太田川は、掛川市・森町・袋井市を含む上流地域からの水害を防ぐため、下流部の河川敷を広げて流域面積を大きくする改修工事が進められている。この計画区域に元島遺跡が存在するため、工事に先だって発掘調査がおこなわれ、弥生時代から江戸時代まで続く港湾遺跡としての姿が、あらためて明らかになった。
- 元島遺跡は、太田川下流域の集落へ物資や人を配送する集積配送センターとして機能した、弥生時代から江戸時代まで続く複合遺跡。
- 陶磁器や高級漆器など多数の遺物が出土。中世の遺物としては、瀬戸・美濃・常滑などの輸入陶器類が確認されている。
- 発見された墳墓の一つは直径5m、周溝を持ち、主体部は市内でも大変珍しい舟形粘土棺で、赤いベンガラ(朱)が残っていた。木製錠とともに、海運・水運を象徴する貴重な遺構とされる。
- 太田川は江戸時代初期、幕府の代官頭・伊奈忠次による河川改修で現在の流路になったと考えられており、当時の海岸線は元島遺跡のすぐ南側だったとみられる。
公式情報の整理
- 遺跡名
- 元島遺跡
- 所在地
- 磐田市福田地区、太田川下流域
- 時代
- 弥生時代〜江戸時代の複合遺跡
- 性格
- 太田川下流の集落へ物資や人を配送した集積配送センター(港湾遺跡)
- 主な出土品
- 陶磁器・高級漆器(輸入品)、中世の瀬戸・美濃・常滑焼、舟形粘土棺の墳墓、木製錠
- 調査のきっかけ
- 太田川下流部の河川敷拡幅工事(掛川市・森町・袋井市方面の水害対策)に先立つ発掘調査
このページでは、元島遺跡の発掘調査で判明した内容を、磐田市歴史文書館 第18回企画展「水運の拠点から織物の町へ〜福田町繁栄の歴史をたどる〜」(平成29年/2017年)の資料に基づいて整理する。
太田川下流の「集積配送センター」
太田川は、江戸時代の初期に代官頭・伊奈忠次が河川改修をおこない、現在の流路になったと考えられている。

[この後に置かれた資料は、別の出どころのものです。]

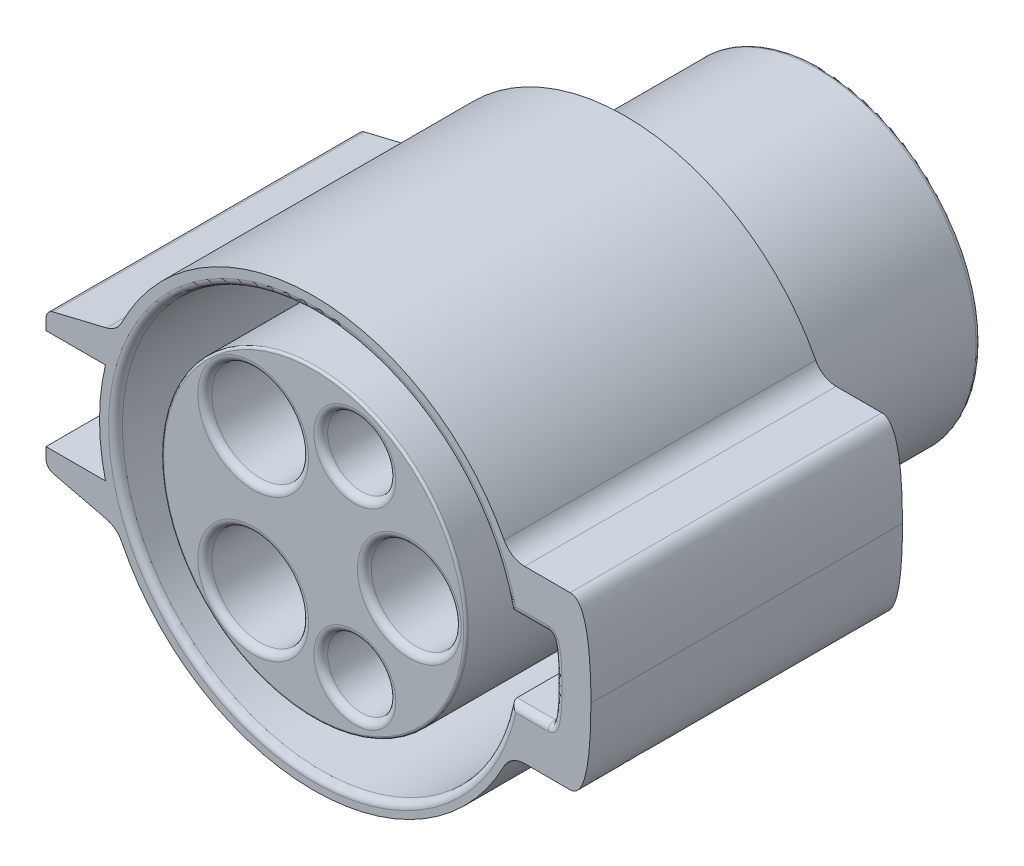
SolidWorks part; units mm, degrees
ref_plane "Front Plane" through (0, 0, 0) normal (0, 0, 1) x (1, 0, 0)
ref_plane "Top Plane" through (0, 0, 0) normal (0, 1, 0) x (1, 0, 0)
ref_plane "Right Plane" through (0, 0, 0) normal (1, 0, 0) x (0, 0, -1)
sketch "Sketch1" plane through (0, 0, 0) normal (0, 0, 1) x (-1, 0, 0)
  line L0 (21.5636, -9.4046) -> (28.6554, -7.6949)
  line L1 (29.4084, -6.7135) -> (29.4084, -5.5277)
  line L2 (29.4084, -5.5277) -> (22.8364, -5.5277)
  line L3 (22.8364, 5.5213) -> (29.4084, 5.5213)
  line L4 (-28.2678, -9.3983) -> (-21.6527, -9.3983)
  line L5 (-21.6499, 9.3983) -> (-28.2678, 9.3983)
  line L6 (29.4084, 5.5213) -> (29.4084, 6.702)
  line L7 (28.6554, 7.6834) -> (21.5636, 9.3983)
  line L14 (-25.8569, -4.2807) -> (-21.6527, -4.2807)
  line L17 (-21.6805, 4.2804) -> (-25.8569, 4.2804)
  circle A1 centre (-0.0432, -0.0032) radius 16.764
  arc A5 (-21.6805, 4.2804) -> (-21.6527, -4.2807) centre (-0.1647, 0.0697) cw
  arc A6 (28.6554, -7.6949) -> (29.4084, -6.7135) centre (28.3924, -6.7135) ccw
  arc A14 (29.4084, 6.702) -> (28.6554, 7.6834) centre (28.3924, 6.702) ccw
  arc A17 (-21.6499, 9.3983) -> (21.5636, 9.3983) centre (-0.0432, -0.0032) cw
  arc A18 (22.8636, 5.5213) -> (22.8636, -5.5277) centre (-0.0432, -0.0032) cw
  arc A19 (21.5636, -9.4046) -> (-21.6527, -9.3983) centre (-0.0432, -0.0032) cw
  spline S4 degree 3 poles (-28.2678, 9.3983) (-28.4851, 9.4005) (-28.824, 9.2766) (-29.1971, 8.9393) (-29.4861, 8.4857) (-29.7884, 7.7976) (-30.0551, 6.8265) (-30.2703, 5.5562) (-30.4123, 4.2127) (-30.5275, 2.3814) (-30.5538, 0.9563) (-30.5538, 0) knots 0.008178 0.008178 0.008178 0.008178 0.0625 0.125 0.1875 0.25 0.375 0.5 0.625 0.75 0.991406 0.991406 0.991406 0.991406 weights 1 1 1 1 1 1 1 1 1 1 1 1
  spline S5 degree 3 poles (-30.5538, 0) (-30.5538, -0.9571) (-30.5275, -2.3834) (-30.412, -4.2161) (-30.2697, -5.5604) (-30.0541, -6.8314) (-29.7867, -7.8028) (-29.4835, -8.4907) (-29.1934, -8.9439) (-28.8202, -9.2785) (-28.4823, -9.4007) (-28.2678, -9.3983) knots 0.008575 0.008575 0.008575 0.008575 0.25 0.375 0.5 0.625 0.75 0.8125 0.875 0.9375 0.991042 0.991042 0.991042 0.991042 weights 1 1 1 1 1 1 1 1 1 1 1 1
  spline S10 degree 3 poles (-25.8569, 4.2804) (-25.8911, 4.2808) (-25.9613, 4.2635) (-26.0812, 4.1882) (-26.1906, 4.0282) (-26.2866, 3.801) (-26.3835, 3.4669) (-26.4672, 3.0119) (-26.5335, 2.4318) (-26.5768, 1.8286) (-26.6112, 1.0239) (-26.619, 0.4081) (-26.6189, 0) knots 0.011727 0.011727 0.011727 0.011727 0.03125 0.0625 0.125 0.1875 0.25 0.375 0.5 0.625 0.75 0.986732 0.986732 0.986732 0.986732 weights 1 1 1 1 1 1 1 1 1 1 1 1 1
  spline S11 degree 3 poles (-26.6189, 0) (-26.619, -0.4097) (-26.6111, -1.0278) (-26.5764, -1.8353) (-26.5327, -2.4403) (-26.4657, -3.0221) (-26.381, -3.478) (-26.2827, -3.8122) (-26.1847, -4.0386) (-26.0733, -4.1975) (-25.9519, -4.266) (-25.8849, -4.2809) (-25.8569, -4.2807) knots 0.013201 0.013201 0.013201 0.013201 0.25 0.375 0.5 0.625 0.75 0.8125 0.875 0.9375 0.96875 0.984802 0.984802 0.984802 0.984802 weights 1 1 1 1 1 1 1 1 1 1 1 1 1
  point P2 (21.5636, -9.4046)
  point P5 (21.5636, 9.3983)
  point P7 (0, 0)
  point P10 (-21.5632, -9.461)
  point P11 (-21.6527, -9.3983)
extrude "Boss-Extrude2" add sketch "Sketch1" along normal blind 31.75 contours S4 S5 L4 A19 L0 A6 L1 L2 A18 L3 L6 A14 L7 A17 L5 S11 S10 L17 A5 L14 | A1 region at (0.0465, 22.804, 0) region at (0.0432, 0.0032, 0)
sketch "sockets" plane through (0, 0, 31.75) normal (0, 0, 1) x (1, 0, 0)
  circle A0 centre (10.5791, 0) radius 4.953
  circle A1 centre (4.572, -10.541) radius 3.7465
  circle A2 centre (-6.604, -7.8359) radius 5.334
  circle A3 centre (-6.604, 7.8359) radius 5.334
  circle A4 centre (4.572, 10.541) radius 3.7465
sketch "Sketch3" plane through (0, 0, 0) normal (0, 0, 1) x (1, 0, 0)
  line L8 (-29.4084, 5.5277) -> (-22.8636, 5.5277)
  line L9 (-29.4084, 6.7135) -> (-29.4084, 5.5277)
  line L10 (-21.5636, 9.4046) -> (-28.6554, 7.6949)
  line L11 (28.2678, 9.3983) -> (21.6527, 9.3983)
  line L12 (21.6499, -9.3983) -> (28.2678, -9.3983)
  line L13 (-28.6554, -7.6834) -> (-21.5636, -9.3983)
  line L14 (-29.4084, -5.5213) -> (-29.4084, -6.702)
  line L15 (-22.8636, -5.5213) -> (-29.4084, -5.5213)
  line L16 (-29.4084, 5.5277) -> (-22.8636, 5.5277)
  line L17 (-29.4084, 6.7135) -> (-29.4084, 5.5277)
  line L18 (-21.5636, 9.4046) -> (-28.6554, 7.6949)
  line L19 (28.2678, 9.3983) -> (21.6527, 9.3983)
  line L20 (21.6499, -9.3983) -> (28.2678, -9.3983)
  line L21 (-28.6554, -7.6834) -> (-21.5636, -9.3983)
  line L22 (-29.4084, -5.5213) -> (-29.4084, -6.702)
  line L23 (-22.8636, -5.5213) -> (-29.4084, -5.5213)
  circle A0 centre (0.0432, 0.0032) radius 16.5062
  arc A5 (-22.8636, 5.5277) -> (-22.8636, -5.5213) centre (0.0432, 0.0032) ccw
  arc A6 (-28.6554, 7.6949) -> (-29.4084, 6.7135) centre (-28.3924, 6.7135) ccw
  arc A7 (21.6527, 9.3983) -> (-21.5636, 9.4046) centre (0.0432, 0.0032) ccw
  arc A8 (-21.5636, -9.3983) -> (21.6499, -9.3983) centre (0.0432, 0.0032) ccw
  arc A9 (-29.4084, -6.702) -> (-28.6554, -7.6834) centre (-28.3924, -6.702) ccw
  arc A10 (-22.8636, 5.5277) -> (-22.8636, -5.5213) centre (0.0432, 0.0032) ccw
  arc A11 (-28.6554, 7.6949) -> (-29.4084, 6.7135) centre (-28.3924, 6.7135) ccw
  arc A12 (21.6527, 9.3983) -> (-21.5636, 9.4046) centre (0.0432, 0.0032) ccw
  arc A13 (-21.5636, -9.3983) -> (21.6499, -9.3983) centre (0.0432, 0.0032) ccw
  arc A14 (-29.4084, -6.702) -> (-28.6554, -7.6834) centre (-28.3924, -6.702) ccw
  spline S2 degree 3 poles (2242.6, 2023.5461) (-79.1173, -234.406) (34.2531, -56.736) (30.412, 4.2161) (30.2697, 5.5604) (30.0541, 6.8314) (29.7867, 7.8028) (29.4835, 8.4907) (29.1934, 8.9439) (24.7293, 12.9464) (-10.04, -13.6045) (-2104.1567, -2099.7835) knots -15.84419 -15.84419 -15.84419 -15.84419 0.25 0.375 0.5 0.625 0.75 0.8125 0.875 0.9375 2.948231 2.948231 2.948231 2.948231 weights 1 1 1 1 1 1 1 1 1 1 1 1 only from (30.5538, 0) to (28.2678, 9.3983)
  spline S3 degree 3 poles (-2104.6142, 2100.0497) (-10.3685, 13.8122) (24.7169, -12.9902) (29.1971, -8.9393) (29.4861, -8.4857) (29.7884, -7.7976) (30.0551, -6.8265) (30.2703, -5.5562) (30.4123, -4.2127) (34.2496, 56.75) (-79.1081, 234.4143) (2242.6167, -2023.5315) knots -1.966154 -1.966154 -1.966154 -1.966154 0.0625 0.125 0.1875 0.25 0.375 0.5 0.625 0.75 16.858679 16.858679 16.858679 16.858679 weights 1 1 1 1 1 1 1 1 1 1 1 1 only from (28.2678, -9.3983) to (30.5538, 0)
  spline S4 degree 3 poles (30.5538, 0) (30.5538, 0.9571) (30.5275, 2.3834) (30.412, 4.2161) (30.2697, 5.5604) (30.0541, 6.8314) (29.7867, 7.8028) (29.4835, 8.4907) (29.1934, 8.9439) (28.8202, 9.2785) (28.4823, 9.4007) (28.2678, 9.3983) knots 0.008575 0.008575 0.008575 0.008575 0.25 0.375 0.5 0.625 0.75 0.8125 0.875 0.9375 0.991042 0.991042 0.991042 0.991042 weights 1 1 1 1 1 1 1 1 1 1 1 1
  spline S5 degree 3 poles (28.2678, -9.3983) (28.4851, -9.4005) (28.824, -9.2766) (29.1971, -8.9393) (29.4861, -8.4857) (29.7884, -7.7976) (30.0551, -6.8265) (30.2703, -5.5562) (30.4123, -4.2127) (30.5275, -2.3814) (30.5538, -0.9563) (30.5538, 0) knots 0.008178 0.008178 0.008178 0.008178 0.0625 0.125 0.1875 0.25 0.375 0.5 0.625 0.75 0.991406 0.991406 0.991406 0.991406 weights 1 1 1 1 1 1 1 1 1 1 1 1
  dimension "D1" = 0
extrude "Boss-Extrude3" add sketch "Sketch3" against normal blind 2.54
sketch "Sketch4" plane through (0, 0, 0) normal (0, 0, 1) x (1, 0, 0)
  circle A2 centre (0.0432, 0.0032) radius 17.526
  dimension "D1" = 35.052
extrude "Boss-Extrude4" add sketch "Sketch4" against normal blind 24.13
extrude "Cut-Extrude7" cut sketch "sockets" against normal blind 25.4
sketch "Sketch9" plane through (0, 0, -24.13) normal (0, 0, 1) x (1, 0, 0)
  circle A2 centre (4.572, 10.541) radius 4.6482
  circle A3 centre (4.572, -10.541) radius 4.6482
  dimension "D1" = 9.2964
sketch "Sketch10" plane through (0, 0, -24.13) normal (0, 0, 1) x (1, 0, 0)
  circle A2 centre (-6.604, 7.8359) radius 5.6261
  circle A3 centre (-6.604, -7.8359) radius 5.6261
  dimension "D1" = 11.2522
sketch "Sketch11" plane through (0, 0, -24.13) normal (0, 0, 1) x (1, 0, 0)
  circle A1 centre (10.5791, 0) radius 5.6642
  dimension "D1" = 11.3284
sketch "pin holes" plane through (0, 0, -24.13) normal (0, 0, 1) x (1, 0, 0)
  circle A0 centre (4.572, 10.541) radius 0.762
  circle A1 centre (10.5791, 0) radius 1.397
  circle A2 centre (4.572, -10.541) radius 0.762
  circle A3 centre (-6.604, -7.8359) radius 1.8415
  circle A4 centre (-6.604, 7.8359) radius 1.8415
  dimension "D1" = 3.683
  dimension "D2" = 1.524
  dimension "D3" = 2.794
sketch "Sketch12" plane through (0, 0, 0) normal (0, 0, 1) x (1, 0, 0)
  line L0 (-22.8413, 5.5037) -> (-26.7275, 5.5245)
  line L1 (-26.7275, 5.5245) -> (-26.7275, -5.5245)
  line L2 (-26.7275, -5.5245) -> (-22.8363, -5.5245)
  arc A0 (-22.8413, 5.5037) -> (-22.8363, -5.5245) centre (0, 0) ccw
extrude "Boss-Extrude8" add sketch "Sketch12" along normal blind 28.0924
sketch "Sketch13" plane through (0, 0, 0) normal (0, 0, 1) x (1, 0, 0)
  line L0 (-22.8413, 5.5037) -> (-26.7275, 5.5245)
  line L1 (-26.7275, 5.5245) -> (-26.7275, -5.5245)
  line L2 (-26.7275, -5.5245) -> (-22.8363, -5.5245)
  arc A0 (-22.8413, 5.5037) -> (-22.8363, -5.5245) centre (0, 0) ccw
  point P5 (0, 0)
extrude "Cut-Extrude9" cut sketch "Sketch13" along normal blind 12.1158
chamfer "Chamfer4" distance 4.572 angle 45 1 edges at (-26.7275, 0.0016, 28.0924)
sketch "screwholes" plane through (0, 0, -24.13) normal (0, 0, 1) x (1, 0, 0)
  circle A0 centre (1.2752, 0.003) radius 1.27
  circle A1 centre (-15.311, 0.005) radius 1.27
extrude "Cut-Extrude14" cut sketch "screwholes" along normal blind 8.89
extrude "Cut-Extrude15" cut sketch "Sketch11" along normal blind 22.86
extrude "Cut-Extrude16" cut sketch "Sketch9" along normal blind 26.289
extrude "Cut-Extrude17" cut sketch "Sketch10" along normal blind 26.7462
extrude "Cut-Extrude18" cut sketch "pin holes" along normal blind 57.15
fillet "Fillet2" radius 2.54 4 edges at (-21.5636, 9.4046, 14.605) (-21.5636, -9.3983, 14.605) (21.6499, -9.3983, 14.605) (21.6527, 9.3983, 14.605)
fillet "Fillet1" radius 0.762 1 edges at (-26.7275, 0.0016, 12.1158)
fillet "Fillet3" radius 0.762 5 edges at (8.3185, -10.541, 31.75) (-1.27, -7.8359, 31.75) (-1.27, 7.8359, 31.75) (8.3185, 10.541, 31.75) (15.5321, 0, 31.75)
fillet "Fillet4" radius 0.762 4 edges at (-21.7591, -0.141, 31.75)
fillet "Fillet5" radius 2.54 1 edges at (17.5692, 0.0032, -2.54)
fillet "Fillet7" radius 0.254 1 edges at (16.8072, 0.0032, 31.75)
fillet "Fillet8" radius 0.508 5 edges at (-0.9779, 7.8359, -24.13) (9.2202, 10.541, -24.13) (16.2433, 0, -24.13) (9.2202, -10.541, -24.13) (-0.9779, -7.8359, -24.13)
fillet "Fillet9" radius 0.508 1 edges at (17.5692, 0.0032, -24.13)

当時の海岸線は、元島遺跡のすぐ南側だったとみられ、太田川下流の集落へ物資や人を配送する、いわば古代から中世にかけての集積配送センターとして機能していた港湾遺跡である。中世の遺物として、瀬戸・美濃・常滑など各地から運ばれた陶器類が数多く出土しており、陶磁器や高級漆器といった輸入品も含まれる。これらは、元島の湊が単なる地域内の物資集散地にとどまらず、遠隔地との交易にも関わっていたことをうかがわせる。
舟形粘土棺の墳墓 ── 水運を象徴する遺構
元島遺跡で検出された墳墓の一つは、直径5mで周溝があり、主体部は市内でも大変珍しい舟形粘土棺だった。赤いベンガラ(朱)が残っており、木製錠(左)とともに、海運・水運を象徴する大変貴重な遺構とされる。舟の形をした棺に葬られたという事実そのものが、この地に暮らした人々の生活が、太田川の水運と分かちがたく結びついていたことを物語っている。
集落の移転と、消えた「元島」の地名
元島の集落は、その後の歴史のなかで姿を消していく。明応7年(1498年)の大地震では、元島・大島村一帯が大きな被害を受けたと『円通松堂禅師語録』に記されている。さらに、慶長年間の河川改修によって太田川と原野谷川の流路が付け替えられたことにともない、元島の集落は現在の位置へと移転したとみられている。「元島」という地名は、かつてこの地にあった集落の記憶を今に伝えている。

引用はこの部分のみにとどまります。